- [PROVIDED DATA]:
((

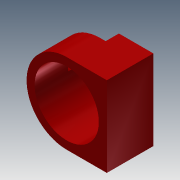
# Autodesk Inventor part: HbThumbMetacarpalPhalanxCover01
Saved by Autodesk Inventor 2015 SP1 (Build 190203100, 203)
## iProperties
Created: 2015-09-12
Part Number: HbThumbMetacarpalPhalanxCover01
Material: ABS プラスチック
Document SubType Name: Modeling
Designer: Yamaura
Density: 1.06 g/cm^3
Appearance: 滑らか - 赤
Author: Yamaura
Autodesk Inventor part; units mm, degrees
ref_plane "YZ Plane" through (0, 0, 0) normal (1, 0, 0) x (0, 1, 0)
ref_plane "XZ Plane" through (0, 0, 0) normal (0, 1, 0) x (-1, 0, 0)
ref_plane "XY Plane" through (0, 0, 0) normal (0, 0, 1) x (1, 0, 0)
sketch "スケッチ1" plane through (0, 0, 0) normal (0, 0, 1) x (1, 0, 0)
  circle A0 centre (0, 0) radius 8
  line L0 (-10, 10) -> (10, 10)
  line L1 (10, 10) -> (10, -10)
  line L2 (10, -10) -> (-10, -10)
  line L3 (-10, -10) -> (-10, 10)
  dimension "d0" = 16
  dimension "d1" = 10
  dimension "d2" = 10
  dimension "d3" = 20
  dimension "d4" = 10
  constraints: 8 end point, 2 parallel, 1 centre point, 1 coincident, 1 horizontal, 1 perpendicular
  measures "d0" diameter of A0
  measures "d1" distance from line of L3 point (0, 0)
  measures "d2" distance from line of L0 point (0, 0)
  measures "d3" distance of L2.end L0.start
  measures "d4" distance from line of L1 point (0, 0)
extrude "押し出し1" add sketch "スケッチ1" along normal blind 2
sketch "スケッチ2" plane through (0, 0, 0) normal (0, 0, 1) x (1, 0, 0)
  circle A0 centre (0, 0) radius 8
  circle A1 centre (0, 0) radius 10
  line L0 (10, 10) -> (-10, 10) projected
  line L1 (0, 10) -> (0, 10)
  line L2 (0, -10) -> (0, -10)
  line L3 (0, 10) -> (0, 8)
  circle A2 centre (0, 0) radius 8 projected
  line L4 (-10, 10) -> (10, 10) projected
  line L5 (10, 10) -> (10, -10) projected
  line L6 (10, -10) -> (-10, -10) projected
  line L7 (-10, -10) -> (-10, 10) projected
  line L8 (0, -10) -> (10, -10)
  line L9 (10, -10) -> (10, 10)
  line L10 (-10, -10) -> (10, -10) projected
  line L11 (10, 10) -> (0, 10)
  dimension "d7" = 16
  dimension "d8" = 20
  dimension "d29" = 0
  constraints: 12 end point, 4 perpendicular, 2 coincident, 2 midpoint, 2 point on circle, 1 centre point, 1 horizontal, 1 vertical alignment, 2 other
  measures "d8" diameter of A1
  measures "d29" distance of L1.start L1.end
extrude "押し出し2" add sketch "スケッチ2" against normal blind 9.6 contours A1 | L5 L6 A1 | A1 L0 L5
delete faces "削除1" heal yes whole lump no faces at (-8.0177, 8.0177, 0) (-8.0177, -8.0177, 0)
sketch "スケッチ4" plane through (0, 0, -9.6) normal (0, 0, -1) x (0, 1, 0)
  line L0 (0, 0) -> (9.0631, -4.2262)
  line L1 (0, 0) -> (10, 0) construction
  line L2 (11.896, -9.9819) -> (15.919, -1.3546)
  line L3 (15.919, -1.3546) -> (2.3244, 4.9847)
  line L4 (2.3244, 4.9847) -> (0, 0)
  line L5 (0, 0) -> (5.7358, -8.1915)
  line L6 (0, 0) -> (10, 0) construction
  line L7 (0, 0) -> (-4.5053, -3.1547)
  line L8 (-4.5053, -3.1547) -> (4.0983, -15.442)
  line L9 (11.896, -9.9819) -> (4.0983, -15.442)
  dimension "d17" = 10
  dimension "d20" = 5.5
  dimension "d24" = 15
  dimension "d25" = 10
  dimension "d27" = 5.5
  dimension "d28" = 15
  dimension "d30" = 30
  dimension "d31" = 25
  constraints: 20 end point, 3 parallel, 3 perpendicular, 2 equal length, 2 horizontal, 2 point on line
  measures "d17" distance of L0.start L0.end
  measures "d20" distance between parallel lines of L3 L0
  measures "d24" distance of L2.end L3.end
  measures "d25" distance of L4.end L5.end
  measures "d27" distance of L4.end L7.end
  measures "d28" distance of L7.end L8.end
  measures "d30" angle of L5 L0
  measures "d31" angle of L0 L1
extrude "押し出し4" cut sketch "スケッチ4" against normal blind 3.3

))

- [EXERCISE PROMPT]: Output the material above exactly, without pictures.

- [RESULT OF THIS TASK]:
# Autodesk Inventor part: HbThumbMetacarpalPhalanxCover01
Saved by Autodesk Inventor 2015 SP1 (Build 190203100, 203)
## iProperties
Created: 2015-09-12
Part Number: HbThumbMetacarpalPhalanxCover01
Material: ABS プラスチック
Document SubType Name: Modeling
Designer: Yamaura
Density: 1.06 g/cm^3
Appearance: 滑らか - 赤
Author: Yamaura
Autodesk Inventor part; units mm, degrees
ref_plane "YZ Plane" through (0, 0, 0) normal (1, 0, 0) x (0, 1, 0)
ref_plane "XZ Plane" through (0, 0, 0) normal (0, 1, 0) x (-1, 0, 0)
ref_plane "XY Plane" through (0, 0, 0) normal (0, 0, 1) x (1, 0, 0)
sketch "スケッチ1" plane through (0, 0, 0) normal (0, 0, 1) x (1, 0, 0)
  circle A0 centre (0, 0) radius 8
  line L0 (-10, 10) -> (10, 10)
  line L1 (10, 10) -> (10, -10)
  line L2 (10, -10) -> (-10, -10)
  line L3 (-10, -10) -> (-10, 10)
  dimension "d0" = 16
  dimension "d1" = 10
  dimension "d2" = 10
  dimension "d3" = 20
  dimension "d4" = 10
  constraints: 8 end point, 2 parallel, 1 centre point, 1 coincident, 1 horizontal, 1 perpendicular
  measures "d0" diameter of A0
  measures "d1" distance from line of L3 point (0, 0)
  measures "d2" distance from line of L0 point (0, 0)
  measures "d3" distance of L2.end L0.start
  measures "d4" distance from line of L1 point (0, 0)
extrude "押し出し1" add sketch "スケッチ1" along normal blind 2
sketch "スケッチ2" plane through (0, 0, 0) normal (0, 0, 1) x (1, 0, 0)
  circle A0 centre (0, 0) radius 8
  circle A1 centre (0, 0) radius 10
  line L0 (10, 10) -> (-10, 10) projected
  line L1 (0, 10) -> (0, 10)
  line L2 (0, -10) -> (0, -10)
  line L3 (0, 10) -> (0, 8)
  circle A2 centre (0, 0) radius 8 projected
  line L4 (-10, 10) -> (10, 10) projected
  line L5 (10, 10) -> (10, -10) projected
  line L6 (10, -10) -> (-10, -10) projected
  line L7 (-10, -10) -> (-10, 10) projected
  line L8 (0, -10) -> (10, -10)
  line L9 (10, -10) -> (10, 10)
  line L10 (-10, -10) -> (10, -10) projected
  line L11 (10, 10) -> (0, 10)
  dimension "d7" = 16
  dimension "d8" = 20
  dimension "d29" = 0
  constraints: 12 end point, 4 perpendicular, 2 coincident, 2 midpoint, 2 point on circle, 1 centre point, 1 horizontal, 1 vertical alignment, 2 other
  measures "d8" diameter of A1
  measures "d29" distance of L1.start L1.end
extrude "押し出し2" add sketch "スケッチ2" against normal blind 9.6 contours A1 | L5 L6 A1 | A1 L0 L5
delete faces "削除1" heal yes whole lump no faces at (-8.0177, 8.0177, 0) (-8.0177, -8.0177, 0)
sketch "スケッチ4" plane through (0, 0, -9.6) normal (0, 0, -1) x (0, 1, 0)
  line L0 (0, 0) -> (9.0631, -4.2262)
  line L1 (0, 0) -> (10, 0) construction
  line L2 (11.896, -9.9819) -> (15.919, -1.3546)
  line L3 (15.919, -1.3546) -> (2.3244, 4.9847)
  line L4 (2.3244, 4.9847) -> (0, 0)
  line L5 (0, 0) -> (5.7358, -8.1915)
  line L6 (0, 0) -> (10, 0) construction
  line L7 (0, 0) -> (-4.5053, -3.1547)
  line L8 (-4.5053, -3.1547) -> (4.0983, -15.442)
  line L9 (11.896, -9.9819) -> (4.0983, -15.442)
  dimension "d17" = 10
  dimension "d20" = 5.5
  dimension "d24" = 15
  dimension "d25" = 10
  dimension "d27" = 5.5
  dimension "d28" = 15
  dimension "d30" = 30
  dimension "d31" = 25
  constraints: 20 end point, 3 parallel, 3 perpendicular, 2 equal length, 2 horizontal, 2 point on line
  measures "d17" distance of L0.start L0.end
  measures "d20" distance between parallel lines of L3 L0
  measures "d24" distance of L2.end L3.end
  measures "d25" distance of L4.end L5.end
  measures "d27" distance of L4.end L7.end
  measures "d28" distance of L7.end L8.end
  measures "d30" angle of L5 L0
  measures "d31" angle of L0 L1
extrude "押し出し4" cut sketch "スケッチ4" against normal blind 3.3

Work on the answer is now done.